Trained by reading hundreds of submissions, editors and agents oftenthe first page. In a customarily formatted book manuscript with chapters starting about 1/3 of the way down the page (double-spaced, 1-inch margins, 12-point type), there are 16 or 17 lines on the first page.

Here’s the question:

Would you pay good money to read the rest of the chapter? With 50 chapters in a book that costs $15, each chapter would be “worth” 30 cents.

So, before you read the excerpt, take 30 cents from your pocket or purse. When you’re done, decide what to do with those three dimes or the quarter and a nickel. It’s not much, but think of paying 30 cents for the rest of the chapter every time you sample a book’s first page.
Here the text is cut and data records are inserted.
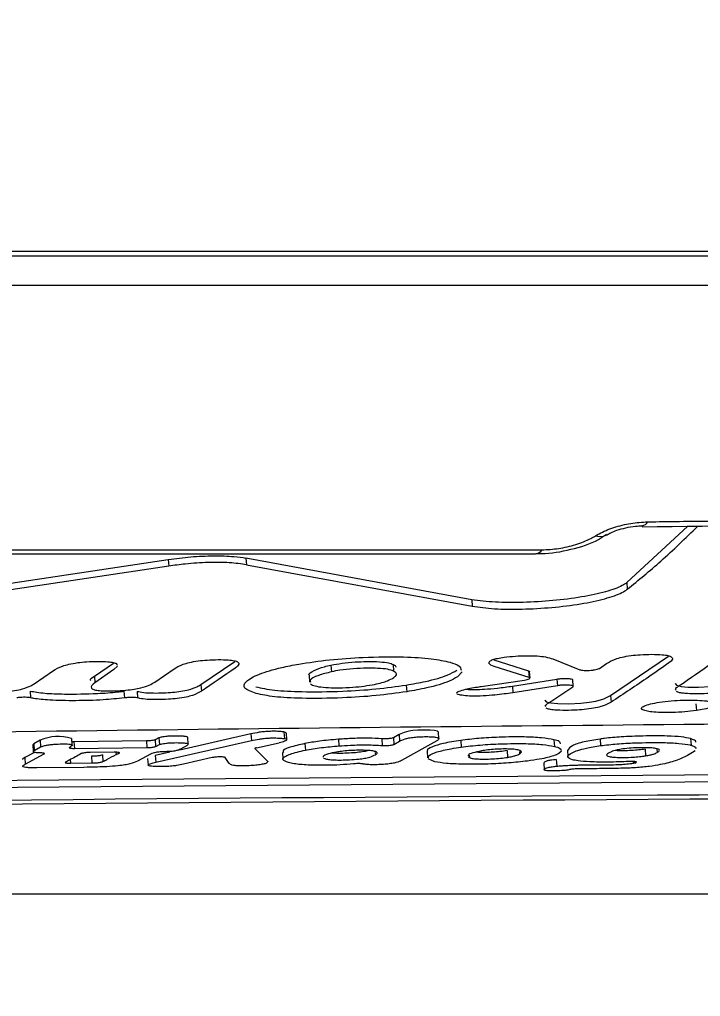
# Model space of a CAD drawing. Header units: millimetres. Extents: x -7735 to 7893, y -6545 to 6034.
# Drawn here: x 4708.72 to 4728.61, y -118.87 to -90.34 of the extents above; entities that cross this region are included whole.
import ezdxf

# ---------------------------------------------------------------- set-up
doc = ezdxf.new("R2010")
doc.units = ezdxf.units.MM
for name, color, linetype in [('DIKOM_ОБЪЕКТ', 7, 'Continuous'), ('DIKOM_РАЗМЕР_ЗОНА', 7, 'Continuous'), ('DIKOM_РАЗМЕР_ОБЪЕКТА', 7, 'Continuous')]:
    doc.layers.add(name, color=color, linetype=linetype)
doc.styles.add('style1', font='arial.ttf', dxfattribs={"width": 0.8})
doc.dimstyles.new('1-50', dxfattribs={"dimtxt": 300, "dimasz": 200, "dimexe": 100, "dimexo": 0, "dimgap": 100, "dimtad": 1, "dimtxsty": 'style1', "dimcen": 200, "dimclrd": 7, "dimclre": 7, "dimclrt": 7, "dimadec": 1, "dimazin": 2, "dimtfac": 1, "dimtmove": 0, "dimatfit": 2, "dimfxl": 0, "dimlwd": 25, "dimlwe": 18, "dimarcsym": 0})

# ---------------------------------------------------------------- blocks, each defined once
blk = doc.blocks.new('*D0')
at = {"layer": 'Defpoints', "color": 0, "transparency": 16777216}
for p in [(5893.216, 882.098), (-4595.736, 266.125), (5893.216, -5840.173)]:
    blk.add_point(p, dxfattribs=at)
at = {"layer": 'DIKOM_РАЗМЕР_ОБЪЕКТА', "color": 7, "lineweight": 18, "transparency": 16777216}
for p, q in [((5893.216, 882.098), (5893.216, -5940.173)), ((-4595.736, 266.125), (-4595.736, -5940.173))]:
    blk.add_line(p, q, dxfattribs=at)
at = {"layer": 'DIKOM_РАЗМЕР_ОБЪЕКТА', "color": 7, "lineweight": 25, "transparency": 16777216}
blk.add_line((-4395.736, -5840.173), (5693.216, -5840.173), dxfattribs=at)
at = {"layer": 'DIKOM_РАЗМЕР_ОБЪЕКТА', "color": 7, "transparency": 16777216}
for points in [[(-4395.736, -5806.84), (-4395.736, -5873.507), (-4595.736, -5840.173)], [(5693.216, -5806.84), (5693.216, -5873.507), (5893.216, -5840.173)]]:
    blk.add_solid(points, dxfattribs=at)
at = {"layer": 'DIKOM_РАЗМЕР_ОБЪЕКТА', "color": 7, "transparency": 16777216, "insert": (648.74, -5587.002), "char_height": 300, "attachment_point": 5, "style": 'style1'}
blk.add_mtext('10450', dxfattribs=at)
blk = doc.blocks.new('*D3')
at = {"layer": 'Defpoints', "color": 0, "transparency": 16777216}
for p in [(-6112.558, 266.125), (7893.216, 266.125), (7893.216, -6445.106)]:
    blk.add_point(p, dxfattribs=at)
at = {"layer": 'DIKOM_РАЗМЕР_ЗОНА', "color": 7, "lineweight": 18, "transparency": 16777216}
for p, q in [((-6112.558, 266.125), (-6112.558, -6545.106)), ((7893.216, 266.125), (7893.216, -6545.106))]:
    blk.add_line(p, q, dxfattribs=at)
at = {"layer": 'DIKOM_РАЗМЕР_ЗОНА', "color": 7, "lineweight": 25, "transparency": 16777216}
blk.add_line((-5912.558, -6445.106), (7693.216, -6445.106), dxfattribs=at)
at = {"layer": 'DIKOM_РАЗМЕР_ЗОНА', "color": 7, "transparency": 16777216}
for points in [[(-5912.558, -6411.773), (-5912.558, -6478.44), (-6112.558, -6445.106)], [(7693.216, -6411.773), (7693.216, -6478.44), (7893.216, -6445.106)]]:
    blk.add_solid(points, dxfattribs=at)
at = {"layer": 'DIKOM_РАЗМЕР_ЗОНА', "color": 7, "transparency": 16777216, "insert": (890.329, -6191.832), "char_height": 300, "attachment_point": 5, "style": 'style1'}
blk.add_mtext('13950', dxfattribs=at)

msp = doc.modelspace()

# ---------------------------------------------------------------- linework, layer by layer
at = {"layer": 'DIKOM_ОБЪЕКТ', "color": 7, "linetype": 'Continuous', "lineweight": 15}
for p, q in [((4659.227, -97.238), (4936.9, -97.238)), ((4659.485, -97.103), (4936.9, -97.103)), ((4936.899, -98.106), (4658.591, -98.106)), ((4728.238, -105.14), (4726.461, -106.784)), ((4726.911, -105.124), (4726.9, -105.124)), ((4725.876, -105.392), (4725.887, -105.385)), ((4706.448, -105.826), (4723.979, -105.826)), ((4703.212, -107.593), (4713.067, -106.109)), ((4706.253, -105.941), (4723.797, -105.941)), ((4713.067, -106.109), (4713.081, -106.303)), ((4721.933, -107.282), (4715.336, -106.068)), ((4715.336, -106.068), (4715.35, -106.262)), ((4713.081, -106.303), (4703.226, -107.787)), ((4715.35, -106.262), (4721.947, -107.475)), ((4726.461, -106.784), (4726.475, -106.977)), ((4721.933, -107.282), (4721.947, -107.475)), ((4725.988, -110.08), (4727.678, -108.933)), ((4710.909, -109.516), (4711.466, -109.132)), ((4711.58, -109.22), (4711.48, -109.325)), ((4714.019, -109.761), (4715.011, -109.083)), ((4717.819, -109.194), (4717.833, -109.388)), ((4719.631, -109.172), (4719.645, -109.366)), ((4722.576, -109.042), (4723.59, -109.361)), ((4723.604, -109.554), (4722.589, -109.235)), ((4724.297, -109.013), (4725.087, -109.328)), ((4725.666, -109.288), (4725.868, -109.146)), ((4709.149, -109.739), (4709.712, -109.351)), ((4710.909, -109.516), (4710.923, -109.709)), ((4711.48, -109.325), (4710.923, -109.709)), ((4712.673, -109.69), (4713.236, -109.301)), ((4717.178, -109.498), (4717.192, -109.692)), ((4721.646, -109.393), (4721.511, -109.535)), ((4723.59, -109.361), (4723.604, -109.554)), ((4723.633, -109.574), (4723.619, -109.381)), ((4714.019, -109.761), (4714.033, -109.955)), ((4717.218, -109.737), (4717.281, -109.774)), ((4720.017, -109.776), (4720.031, -109.97)), ((4722.208, -109.816), (4723.469, -109.631)), ((4723.117, -109.805), (4724.417, -109.601)), ((4723.117, -109.805), (4723.131, -109.999)), ((4724.431, -109.795), (4723.131, -109.999)), ((4724.417, -109.601), (4724.431, -109.795)), ((4724.894, -109.812), (4724.88, -109.619)), ((4724.883, -109.827), (4724.89, -109.822)), ((4709.028, -109.951), (4709.042, -110.145)), ((4711.769, -109.957), (4711.783, -110.151)), ((4712.157, -109.959), (4712.171, -110.153)), ((4721.604, -110.068), (4721.508, -110.039)), ((4724.178, -110.292), (4724.883, -109.827)), ((4725.988, -110.08), (4726.002, -110.274)), ((4728.477, -110.326), (4728.491, -110.52)), ((4715.481, -111.202), (4713.399, -111.672)), ((4715.481, -111.202), (4715.495, -111.396)), ((4716.446, -111.145), (4716.46, -111.339)), ((4716.529, -111.372), (4716.515, -111.177)), ((4719.809, -111.219), (4719.645, -111.313)), ((4719.809, -111.219), (4719.822, -111.413)), ((4720.969, -111.342), (4720.955, -111.148)), ((4709.105, -111.524), (4709.119, -111.719)), ((4709.134, -111.496), (4709.113, -111.524)), ((4709.324, -111.389), (4709.134, -111.496)), ((4709.134, -111.496), (4709.147, -111.69)), ((4709.324, -111.389), (4709.338, -111.583)), ((4710.259, -111.531), (4710.245, -111.337)), ((4712.425, -111.408), (4710.312, -111.43)), ((4710.312, -111.43), (4710.327, -111.625)), ((4712.425, -111.408), (4712.439, -111.602)), ((4712.683, -111.374), (4712.697, -111.569)), ((4712.701, -112.027), (4715.495, -111.396)), ((4712.793, -111.319), (4712.807, -111.513)), ((4713.651, -111.503), (4713.636, -111.309)), ((4715.641, -111.606), (4716.309, -111.46)), ((4717.056, -111.483), (4717.07, -111.678)), ((4718.038, -111.358), (4718.052, -111.553)), ((4719.3, -111.344), (4719.314, -111.538)), ((4719.645, -111.313), (4719.658, -111.508)), ((4719.658, -111.508), (4719.822, -111.413)), ((4720.906, -111.406), (4719.878, -111.978)), ((4721.611, -111.392), (4721.625, -111.586)), ((4724.33, -111.371), (4724.344, -111.565)), ((4725.68, -111.351), (4725.694, -111.545)), ((4728.324, -111.34), (4728.338, -111.534)), ((4709.155, -111.74), (4708.871, -111.893)), ((4708.885, -112.088), (4709.445, -111.785)), ((4709.147, -111.69), (4709.338, -111.583)), ((4709.444, -111.774), (4709.445, -111.785)), ((4710.327, -111.625), (4712.439, -111.602)), ((4711.488, -111.736), (4710.784, -111.744)), ((4711.143, -111.815), (4711.157, -112.009)), ((4711.534, -111.737), (4711.539, -111.802)), ((4711.615, -111.744), (4711.616, -111.772)), ((4712.551, -111.792), (4712.165, -112.001)), ((4713.115, -111.736), (4712.687, -111.832)), ((4713.617, -111.537), (4713.423, -111.647)), ((4715.593, -111.632), (4715.975, -112.004)), ((4716.402, -111.747), (4716.415, -111.941)), ((4719.114, -111.748), (4719.119, -111.81)), ((4720.625, -111.709), (4720.639, -111.904)), ((4721.858, -111.819), (4721.863, -111.895)), ((4722.963, -111.691), (4722.977, -111.886)), ((4723.321, -111.717), (4723.326, -111.787)), ((4724.555, -111.706), (4724.471, -111.776)), ((4724.724, -111.677), (4724.738, -111.872)), ((4726.996, -111.647), (4727.01, -111.842)), ((4727.336, -111.633), (4727.344, -111.747)), ((4728.38, -111.749), (4728.229, -111.832)), ((4728.46, -111.694), (4728.38, -111.749)), ((4708.871, -111.893), (4708.885, -112.088)), ((4710.202, -111.953), (4710.21, -112.055)), ((4710.21, -112.055), (4710.833, -112.049)), ((4710.819, -111.855), (4710.833, -112.049)), ((4712.462, -111.919), (4712.476, -112.114)), ((4712.687, -111.832), (4712.701, -112.027)), ((4714.351, -111.895), (4713.514, -112.087)), ((4714.846, -112.061), (4714.729, -111.891)), ((4715.975, -112.004), (4715.971, -112.017)), ((4717.602, -111.907), (4717.638, -111.924)), ((4720.853, -112.014), (4720.654, -111.934)), ((4721.824, -111.873), (4721.863, -111.895)), ((4724.032, -112.052), (4724.046, -112.246)), ((4724.401, -111.949), (4724.415, -112.144)), ((4725.285, -112.106), (4726.013, -112.101)), ((4726.643, -112.007), (4726.647, -112.056)), ((4726.684, -112.01), (4726.686, -112.049)), ((4710.597, -112.178), (4709.223, -112.192)), ((4660.843, -115.875), (4898.889, -115.875))]:
    msp.add_line(p, q, dxfattribs=at)
at = {"layer": 'DIKOM_ОБЪЕКТ', "color": 7, "linetype": 'Continuous', "lineweight": 15, "flags": 128}
for points in [[(4725.546, -105.417), (4725.667, -105.438), (4725.778, -105.429), (4725.876, -105.392), (4725.876, -105.392)], [(4727.869, -109.727), (4727.868, -109.728), (4727.909, -109.776), (4728.045, -109.815), (4728.246, -109.834), (4728.553, -109.837), (4728.899, -109.821), (4729.133, -109.795), (4729.329, -109.759), (4729.564, -109.69), (4729.761, -109.591), (4729.761, -109.591)], [(4724.062, -110.213), (4724.062, -110.214), (4724.103, -110.261), (4724.243, -110.298), (4724.447, -110.316), (4724.761, -110.319), (4725.117, -110.303), (4725.356, -110.278), (4725.555, -110.243), (4725.793, -110.175), (4725.988, -110.08), (4725.988, -110.08)], [(4720.953, -111.148), (4720.955, -111.146), (4720.929, -111.12), (4720.842, -111.099), (4720.717, -111.089), (4720.521, -111.088), (4720.352, -111.095), (4720.214, -111.107), (4720.096, -111.125), (4719.956, -111.158), (4719.809, -111.219), (4719.809, -111.219)]]:
    msp.add_lwpolyline(points, dxfattribs=at)
at = {"layer": 'DIKOM_ОБЪЕКТ', "color": 7, "linetype": 'Continuous', "lineweight": 15}
for centre, radius, start, end in [((4726.878, -104.91), 0.217, 278.8616, 333.0778), ((4723.779, -105.709), 0.232, 274.4861, 329.7763), ((4709.849, -112.581), 1.303, 72.7142, 113.7498)]:
    msp.add_arc(centre, radius, start, end, dxfattribs=at)
for points, knots in [([(4659.485, 629.354), (4661.513, 627.016), (4667.017, 620.672), (4675.714, 609.372), (4685.449, 595.203), (4694.771, 579.964), (4703.645, 563.748), (4712.027, 546.623), (4719.886, 528.637), (4727.198, 509.801), (4733.963, 490.165), (4740.163, 469.796), (4745.772, 448.79), (4750.761, 427.245), (4755.111, 405.221), (4758.8, 382.748), (4761.836, 359.872), (4764.214, 336.666), (4765.926, 313.24), (4766.961, 289.702), (4767.311, 266.125), (4766.961, 242.548), (4765.926, 219.01), (4764.214, 195.584), (4761.836, 172.378), (4758.8, 149.501), (4755.111, 127.028), (4750.761, 105.005), (4745.772, 83.46), (4740.163, 62.454), (4733.962, 42.085), (4727.198, 22.448), (4720.225, 4.494), (4713.136, -11.884), (4706.016, -26.803), (4698.516, -41.064), (4690.67, -54.605), (4682.551, -67.311), (4674.179, -79.147), (4666.49, -89.03), (4661.513, -94.766), (4659.485, -97.103)], [0, 0, 0, 0, 0.015653, 0.042491, 0.069412, 0.096377, 0.123342, 0.150264, 0.177101, 0.203938, 0.23086, 0.257824, 0.284789, 0.311711, 0.338548, 0.365385, 0.392306, 0.419271, 0.446235, 0.473156, 0.499993, 0.52683, 0.553752, 0.580716, 0.607681, 0.634603, 0.66144, 0.688277, 0.715198, 0.742163, 0.769127, 0.796049, 0.822886, 0.845964, 0.869165, 0.892393, 0.915621, 0.938822, 0.961584, 0.984347, 1, 1, 1, 1]), ([(4597.642, -143.228), (4598.201, -142.99), (4600.698, -141.925), (4605.095, -139.724), (4610.827, -136.619), (4616.511, -133.188), (4622.145, -129.462), (4627.723, -125.436), (4633.242, -121.116), (4638.698, -116.503), (4644.086, -111.602), (4649.402, -106.417), (4654.642, -100.951), (4659.803, -95.208), (4664.879, -89.194), (4669.868, -82.911), (4674.766, -76.367), (4679.569, -69.565), (4684.273, -62.51), (4688.874, -55.208), (4693.371, -47.665), (4697.758, -39.885), (4702.033, -31.876), (4706.193, -23.643), (4710.235, -15.192), (4714.155, -6.529), (4717.951, 2.338), (4721.619, 11.403), (4725.158, 20.66), (4728.564, 30.101), (4731.835, 39.719), (4734.969, 49.507), (4737.963, 59.458), (4740.815, 69.564), (4743.523, 79.818), (4746.084, 90.212), (4748.498, 100.738), (4750.762, 111.388), (4752.874, 122.154), (4754.833, 133.029), (4756.638, 144.003), (4758.287, 155.069), (4759.779, 166.218), (4761.112, 177.443), (4762.286, 188.734), (4763.3, 200.083), (4764.154, 211.482), (4764.845, 222.922), (4765.375, 234.394), (4765.741, 245.89), (4765.93, 256.137), (4765.956, 262.55), (4765.966, 265.124)], [0, 0, 0, 0, 0.005877, 0.026267, 0.046664, 0.067067, 0.087475, 0.107888, 0.128305, 0.148726, 0.16915, 0.189577, 0.210006, 0.230437, 0.25087, 0.271303, 0.291737, 0.312171, 0.332606, 0.35304, 0.373475, 0.393909, 0.414343, 0.434776, 0.455209, 0.475641, 0.496073, 0.516504, 0.536935, 0.557365, 0.577794, 0.598223, 0.618652, 0.63908, 0.659507, 0.679934, 0.700361, 0.720787, 0.741213, 0.761639, 0.782064, 0.802489, 0.822914, 0.843338, 0.863763, 0.884187, 0.904611, 0.925035, 0.945458, 0.965882, 0.986306, 1, 1, 1, 1]), ([(4727.071, -105.008), (4727.691, -105), (4730.795, -104.959), (4742.92, -104.842), (4754.47, -104.95), (4763.525, -105.035)], [0, 0, 0, 0, 0.051225, 0.256129, 1, 1, 1, 1]), ([(4725.546, -105.417), (4725.58, -105.397), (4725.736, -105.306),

In a sense, time is money for a literary agent working her way through a raft of submissions, and she is spending that resource whenever she turns a page.

Please judge by storytelling quality, not by genre or content—some reject an opening page immediately because of genre, but that’s not a good-enough reason when the point is to analyze for storytelling strength.

How strong is the opening page of this novel—would it, all on its own, hook an agent if it was submitted by an unpublished writer?

NOTE: a query letter would likely have let the agent know that this is fantasy and that dragons are involved.

Conscription Day is always the deadliest. Maybe that’s why the sunrise is especially beautiful this morning—because I know it might be my last.

I tighten the straps of my heavy canvas rucksack and trudge up the wide staircase of the stone fortress I call home. My chest heaves with exertion, my lungs burning by the time I reach the stone corridor leading to General Sorrengail’s office. This is what six months of intense physical training has given me—the ability to barely climb six flights of stairs with a thirty-pound pack.

I’m so fucked.

The thousands of twenty-year-olds waiting outside the gate to enter their chosen quadrant for service are the smartest and strongest in Navarre. Hundreds of them have been preparing for the Riders Quadrant, the chance to become one of the elite, since birth. I’ve had exactly six months.

The expressionless guards lining the wide hallway at the top of the landing avoid my eyes as I pass, but that’s nothing new. Besides, being ignored is the best possible scenario for me.

Basgiath War College isn’t known for being kind to…well, anyone, even those of us whose mothers are in command.

Every Navarrian officer, whether they choose to be schooled as healers, scribes, infantry, (snip)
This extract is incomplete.